Su mamá lo miró por unos segundos.
—¿Para qué me llamaste?
—En verdad no sé —negó.
—Pues yo te diré. Es única y totalmente tu culpa, debiste decirle y si se comportaba como un idiota entonces ibas a seguir con tu plan. Serías aún más fuerte, más lleno de ambiciones, no querías culparlo a él porque aquí el único culpable eres tú.
—Mamá... —se quejó.
—¿Y sabes por qué me llamaste? Porque sabes que soy la única capaz de decirte la verdad.
Seungmin escondió su rostro por unos segundos para luego asentir.
—¿Entonces qué se supone que debo hacer? —levantó la mirada.
—¿Sabes? Cuando un hombre decide dejar a su esposa no es porque dejará a sus hijos —Seungmin la miró fijamente—. Antes de tu papá morir, ¿recuerdas que alguna vez te falló?
Él no tuvo que pensarlo demasiado, la respuesta era no, su papá nunca lo había decepcionado, su padre a pesar de separarse con su madre jamás le falló a él o a su hermano.
—No.
—Amor, viviste la experiencia, ¿cómo fuiste tan tonto? Tu papá y yo nos odiabamos y aun así soportamos estar en la misma habitación por ustedes. ¿No te creías capaz de hacerlo por Juliet? ¿No crees que él también lo hubiera soportado?
Su madre tenía razón. Que triste que ya era tarde para aceptar eso.
—Si, supongo que si, Christopher siempre hablaba de tener hijos y así...
—Ay por todos los cielos, ¿Christopher es el que iba a la casa a "estudiar"? Estaba muy guapo.
—Mamá —se quejó—. Aún está guapo, es modelo, ¿no me escuchaste?

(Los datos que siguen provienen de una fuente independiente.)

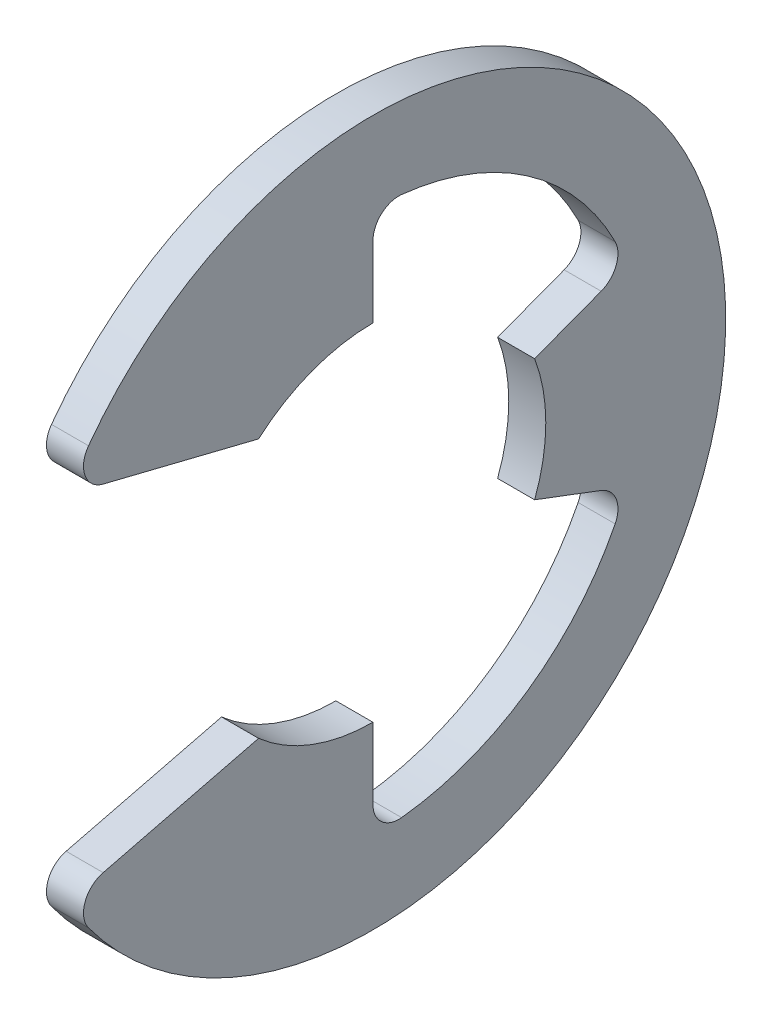
ISO-10303-21;
HEADER;
FILE_DESCRIPTION(('STEP AP214'),'2;1');
FILE_NAME('part.step','',(''),(''),'','','');
FILE_SCHEMA(('AUTOMOTIVE_DESIGN { 1 0 10303 214 1 1 1 1 }'));
ENDSEC;
DATA;
#1=APPLICATION_CONTEXT('core data for automotive mechanical design processes');
#2=APPLICATION_PROTOCOL_DEFINITION('international standard','automotive_design',2000,#1);
#3=PRODUCT_CONTEXT('',#1,'mechanical');
#4=PRODUCT('Part','Part','',(#3));
#5=PRODUCT_RELATED_PRODUCT_CATEGORY('part','',(#4));
#6=PRODUCT_DEFINITION_FORMATION('','',#4);
#7=PRODUCT_DEFINITION_CONTEXT('part definition',#1,'design');
#8=PRODUCT_DEFINITION('design','',#6,#7);
#9=PRODUCT_DEFINITION_SHAPE('','',#8);
#10=(LENGTH_UNIT() NAMED_UNIT(*) SI_UNIT(.MILLI.,.METRE.));
#11=(NAMED_UNIT(*) PLANE_ANGLE_UNIT() SI_UNIT($,.RADIAN.));
#12=(NAMED_UNIT(*) SI_UNIT($,.STERADIAN.) SOLID_ANGLE_UNIT());
#13=UNCERTAINTY_MEASURE_WITH_UNIT(LENGTH_MEASURE(1.E-05),#10,'distance_accuracy_value','');
#14=(GEOMETRIC_REPRESENTATION_CONTEXT(3) GLOBAL_UNCERTAINTY_ASSIGNED_CONTEXT((#13)) GLOBAL_UNIT_ASSIGNED_CONTEXT((#10,
#11,#12)) REPRESENTATION_CONTEXT('',''));
#15=CARTESIAN_POINT('',(0.,0.,0.));
#16=DIRECTION('',(0.,0.,1.));
#17=DIRECTION('',(1.,0.,0.));
#18=AXIS2_PLACEMENT_3D('',#15,#16,#17);
#19=CARTESIAN_POINT('',(0.533399999999962,0.,0.));
#20=DIRECTION('',(-1.,0.,0.));
#21=DIRECTION('',(0.,0.,1.00000000000001));
#22=AXIS2_PLACEMENT_3D('',#19,#20,#21);
#23=CYLINDRICAL_SURFACE('',#22,10.16);
#24=CARTESIAN_POINT('',(0.533399999999962,0.,0.));
#25=DIRECTION('',(1.,0.,0.));
#26=DIRECTION('',(0.,0.,-1.00000000000001));
#27=AXIS2_PLACEMENT_3D('',#24,#25,#26);
#28=CIRCLE('',#27,10.16);
#29=CARTESIAN_POINT('',(0.533399999999962,-6.01157023801036,8.19064242129236));
#30=VERTEX_POINT('',#29);
#31=CARTESIAN_POINT('',(0.533399999999962,6.0115702380106,8.19064242129246));
#32=VERTEX_POINT('',#31);
#33=EDGE_CURVE('E172',#30,#32,#28,.T.);
#34=ORIENTED_EDGE('',*,*,#33,.F.);
#35=DIRECTION('',(-1.,0.,0.));
#36=VECTOR('',#35,1.);
#37=CARTESIAN_POINT('',(0.533399999999962,-6.01157023801036,8.19064242129236));
#38=LINE('',#37,#36);
#39=CARTESIAN_POINT('',(-0.533400000000017,-6.01157023801036,8.19064242129236));
#40=VERTEX_POINT('',#39);
#41=EDGE_CURVE('E266',#30,#40,#38,.T.);
#42=ORIENTED_EDGE('',*,*,#41,.T.);
#43=CARTESIAN_POINT('',(-0.533399999999962,0.,0.));
#44=DIRECTION('',(1.,0.,0.));
#45=DIRECTION('',(0.,0.,-1.00000000000001));
#46=AXIS2_PLACEMENT_3D('',#43,#44,#45);
#47=CIRCLE('',#46,10.16);
#48=CARTESIAN_POINT('',(-0.533400000000017,6.0115702380106,8.19064242129246));
#49=VERTEX_POINT('',#48);
#50=EDGE_CURVE('E210',#40,#49,#47,.T.);
#51=ORIENTED_EDGE('',*,*,#50,.T.);
#52=DIRECTION('',(-1.,0.,0.));
#53=VECTOR('',#52,1.);
#54=CARTESIAN_POINT('',(0.533399999999962,6.0115702380106,8.19064242129246));
#55=LINE('',#54,#53);
#56=EDGE_CURVE('E264',#49,#32,#55,.F.);
#57=ORIENTED_EDGE('',*,*,#56,.T.);
#58=EDGE_LOOP('',(#34,#42,#51,#57));
#59=FACE_BOUND('',#58,.T.);
#60=ADVANCED_FACE('F34',(#59),#23,.T.);
#61=CARTESIAN_POINT('',(0.533399999999962,5.09813480407845,8.78832302088706));
#62=DIRECTION('',(0.,0.970536829925373,-0.24095282060687));
#63=DIRECTION('',(0.,0.240952820606878,0.970536829925378));
#64=AXIS2_PLACEMENT_3D('',#61,#62,#63);
#65=PLANE('',#64);
#66=DIRECTION('',(0.,-0.240952820606878,-0.970536829925378));
#67=VECTOR('',#66,1.);
#68=CARTESIAN_POINT('',(0.533399999999962,5.09813480407845,8.78832302088706));
#69=LINE('',#68,#67);
#70=CARTESIAN_POINT('',(0.533399999999962,4.84496174240151,7.76856413164388));
#71=VERTEX_POINT('',#70);
#72=CARTESIAN_POINT('',(0.533399999999962,3.73380000000001,3.29290208175144));
#73=VERTEX_POINT('',#72);
#74=EDGE_CURVE('E158',#71,#73,#69,.T.);
#75=ORIENTED_EDGE('',*,*,#74,.F.);
#76=DIRECTION('',(-1.,0.,0.));
#77=VECTOR('',#76,1.);
#78=CARTESIAN_POINT('',(0.533399999999962,4.84496174240151,7.76856413164388));
#79=LINE('',#78,#77);
#80=CARTESIAN_POINT('',(-0.533400000000017,4.84496174240151,7.76856413164388));
#81=VERTEX_POINT('',#80);
#82=EDGE_CURVE('E278',#71,#81,#79,.T.);
#83=ORIENTED_EDGE('',*,*,#82,.T.);
#84=DIRECTION('',(0.,-0.240952820606878,-0.970536829925378));
#85=VECTOR('',#84,1.);
#86=CARTESIAN_POINT('',(-0.533400000000017,5.09813480407845,8.78832302088706));
#87=LINE('',#86,#85);
#88=CARTESIAN_POINT('',(-0.533400000000017,3.73380000000001,3.29290208175144));
#89=VERTEX_POINT('',#88);
#90=EDGE_CURVE('E178',#81,#89,#87,.T.);
#91=ORIENTED_EDGE('',*,*,#90,.T.);
#92=DIRECTION('',(-1.,0.,0.));
#93=VECTOR('',#92,1.);
#94=CARTESIAN_POINT('',(0.533399999999962,3.73380000000001,3.29290208175144));
#95=LINE('',#94,#93);
#96=EDGE_CURVE('E175',#73,#89,#95,.T.);
#97=ORIENTED_EDGE('',*,*,#96,.F.);
#98=EDGE_LOOP('',(#75,#83,#91,#97));
#99=FACE_BOUND('',#98,.T.);
#100=ADVANCED_FACE('F176',(#99),#65,.F.);
#101=CARTESIAN_POINT('',(0.533399999999962,0.,0.));
#102=DIRECTION('',(-1.,0.,0.));
#103=DIRECTION('',(0.,0.,1.00000000000001));
#104=AXIS2_PLACEMENT_3D('',#101,#102,#103);
#105=CYLINDRICAL_SURFACE('',#104,4.9784);
#106=CARTESIAN_POINT('',(-0.533399999999962,0.,0.));
#107=DIRECTION('',(-1.,0.,0.));
#108=DIRECTION('',(0.,0.,1.00000000000001));
#109=AXIS2_PLACEMENT_3D('',#106,#107,#108);
#110=CIRCLE('',#109,4.9784);
#111=CARTESIAN_POINT('',(-0.533400000000184,4.97840000000035,3.33066907387547E-13));
#112=VERTEX_POINT('',#111);
#113=EDGE_CURVE('E214',#89,#112,#110,.T.);
#114=ORIENTED_EDGE('',*,*,#113,.T.);
#115=DIRECTION('',(-1.,0.,0.));
#116=VECTOR('',#115,1.);
#117=CARTESIAN_POINT('',(0.533399999999795,4.97840000000035,3.33066907387547E-13));
#118=LINE('',#117,#116);
#119=CARTESIAN_POINT('',(0.533399999999795,4.97840000000035,3.33066907387547E-13));
#120=VERTEX_POINT('',#119);
#121=EDGE_CURVE('E182',#120,#112,#118,.T.);
#122=ORIENTED_EDGE('',*,*,#121,.F.);
#123=CARTESIAN_POINT('',(0.533399999999962,0.,0.));
#124=DIRECTION('',(-1.,0.,0.));
#125=DIRECTION('',(0.,0.,1.00000000000001));
#126=AXIS2_PLACEMENT_3D('',#123,#124,#125);
#127=CIRCLE('',#126,4.9784);
#128=EDGE_CURVE('E164',#73,#120,#127,.T.);
#129=ORIENTED_EDGE('',*,*,#128,.F.);
#130=ORIENTED_EDGE('',*,*,#96,.T.);
#131=EDGE_LOOP('',(#114,#122,#129,#130));
#132=FACE_BOUND('',#131,.T.);
#133=ADVANCED_FACE('F184',(#132),#105,.F.);
#134=CARTESIAN_POINT('',(0.533399999999795,4.97840000000035,3.33066907387547E-13));
#135=DIRECTION('',(0.,0.,1.00000000000001));
#136=DIRECTION('',(0.,-1.,0.));
#137=AXIS2_PLACEMENT_3D('',#134,#135,#136);
#138=PLANE('',#137);
#139=DIRECTION('',(0.,1.,0.));
#140=VECTOR('',#139,1.);
#141=CARTESIAN_POINT('',(-0.533400000000184,4.97840000000035,3.33066907387547E-13));
#142=LINE('',#141,#140);
#143=CARTESIAN_POINT('',(-0.533400000000184,7.02704023617218,3.33066907387547E-13));
#144=VERTEX_POINT('',#143);
#145=EDGE_CURVE('E216',#112,#144,#142,.T.);
#146=ORIENTED_EDGE('',*,*,#145,.T.);
#147=DIRECTION('',(1.,0.,0.));
#148=VECTOR('',#147,1.);
#149=CARTESIAN_POINT('',(0.533399999999795,7.02704023617218,3.33066907387547E-13));
#150=LINE('',#149,#148);
#151=CARTESIAN_POINT('',(0.533399999999795,7.02704023617218,3.33066907387547E-13));
#152=VERTEX_POINT('',#151);
#153=EDGE_CURVE('E262',#144,#152,#150,.T.);
#154=ORIENTED_EDGE('',*,*,#153,.T.);
#155=DIRECTION('',(0.,1.,0.));
#156=VECTOR('',#155,1.);
#157=CARTESIAN_POINT('',(0.533399999999795,4.97840000000035,3.33066907387547E-13));
#158=LINE('',#157,#156);
#159=EDGE_CURVE('E187',#120,#152,#158,.T.);
#160=ORIENTED_EDGE('',*,*,#159,.F.);
#161=ORIENTED_EDGE('',*,*,#121,.T.);
#162=EDGE_LOOP('',(#146,#154,#160,#161));
#163=FACE_BOUND('',#162,.T.);
#164=ADVANCED_FACE('F384',(#163),#138,.F.);
#165=CARTESIAN_POINT('',(0.533399999999962,0.,0.));
#166=DIRECTION('',(-1.,0.,0.));
#167=DIRECTION('',(0.,0.,1.00000000000001));
#168=AXIS2_PLACEMENT_3D('',#165,#166,#167);
#169=CYLINDRICAL_SURFACE('',#168,7.81336774193549);
#170=CARTESIAN_POINT('',(0.533399999999962,0.,0.));
#171=DIRECTION('',(-1.,0.,0.));
#172=DIRECTION('',(0.,0.,-1.00000000000001));
#173=AXIS2_PLACEMENT_3D('',#170,#171,#172);
#174=CIRCLE('',#173,7.81336774193549);
#175=CARTESIAN_POINT('',(0.533399999999962,7.76961896112755,-0.825673464276588));
#176=VERTEX_POINT('',#175);
#177=CARTESIAN_POINT('',(0.533400000000017,3.5193219314931,-6.97589339176204));
#178=VERTEX_POINT('',#177);
#179=EDGE_CURVE('E189',#176,#178,#174,.T.);
#180=ORIENTED_EDGE('',*,*,#179,.F.);
#181=DIRECTION('',(-1.,0.,0.));
#182=VECTOR('',#181,1.);
#183=CARTESIAN_POINT('',(0.533399999999962,7.76961896112755,-0.825673464276588));
#184=LINE('',#183,#182);
#185=CARTESIAN_POINT('',(-0.533400000000017,7.76961896112755,-0.825673464276616));
#186=VERTEX_POINT('',#185);
#187=EDGE_CURVE('E259',#176,#186,#184,.T.);
#188=ORIENTED_EDGE('',*,*,#187,.T.);
#189=CARTESIAN_POINT('',(-0.533399999999962,0.,0.));
#190=DIRECTION('',(-1.,0.,0.));
#191=DIRECTION('',(0.,0.,-1.00000000000001));
#192=AXIS2_PLACEMENT_3D('',#189,#190,#191);
#193=CIRCLE('',#192,7.81336774193549);
#194=CARTESIAN_POINT('',(-0.533400000000017,3.5193219314931,-6.97589339176204));
#195=VERTEX_POINT('',#194);
#196=EDGE_CURVE('E219',#186,#195,#193,.T.);
#197=ORIENTED_EDGE('',*,*,#196,.T.);
#198=DIRECTION('',(-1.,0.,0.));
#199=VECTOR('',#198,1.);
#200=CARTESIAN_POINT('',(0.533400000000017,3.5193219314931,-6.97589339176204));
#201=LINE('',#200,#199);
#202=EDGE_CURVE('E257',#195,#178,#201,.F.);
#203=ORIENTED_EDGE('',*,*,#202,.T.);
#204=EDGE_LOOP('',(#180,#188,#197,#203));
#205=FACE_BOUND('',#204,.T.);
#206=ADVANCED_FACE('F306',(#205),#169,.F.);
#207=CARTESIAN_POINT('',(0.533400000000017,1.76013019972987,-4.65686678357836));
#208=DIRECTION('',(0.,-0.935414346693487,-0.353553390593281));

—Sabía que tenían algo —sonrió tomando la cajetilla de cigarros para encender otro—. Los escuchaba a veces, pero nunca creí que quedarías embarazado a los diecisiete —cerró los ojos tomando una calada—. Estaba tan enojada Seungmin, pensé que todas mis amigas se darían cuenta y me criticarían —lo miró con una pequeña sonrisa—. Lamento tanto darme cuenta tan tarde que lo que digan las personas debería importarme una mierda.
Seungmin sonrió tomando su mano libre—. Justo como cuando eras joven.
—Justo así —susurró tomando su mano.
—Mamá, ¿qué mierda voy a hacer ahora? —preguntó apoyando su cabeza en su hombro.
—No tengo una puta idea. Pero supongo que podrías intentar con el perdón.
—¿Eh? ¿Pedir perdón?
—Si, no hay nada más que hacer. Estás pobre Seungmin, no hay otra opción.
Levantó la mirada y su madre lo miró, mantuvieron las miradas por unos segundos para después reír.
—Eres un desastre —negó poniéndose de pie y ayudando a la mayor.
—Ya sé, pero hablo enserio. Trata de llegar a un acuerdo y hazle saber que estás arrepentido —su madre sonrió abrazándolo.
—Gracias por venir desde Seúl —susurró apretando su agarre.
—Siempre cariño, desde ahora en adelante, porque ya la cague hace seis años —rodó los ojos separándose—. Pero quiero conocerla, ¿si?
—¿En serio? —preguntó sorprendido.
—Claro, hasta me puede llamar abuela...
Seungmin rió abrazando a su madre mientras se dirigían al auto.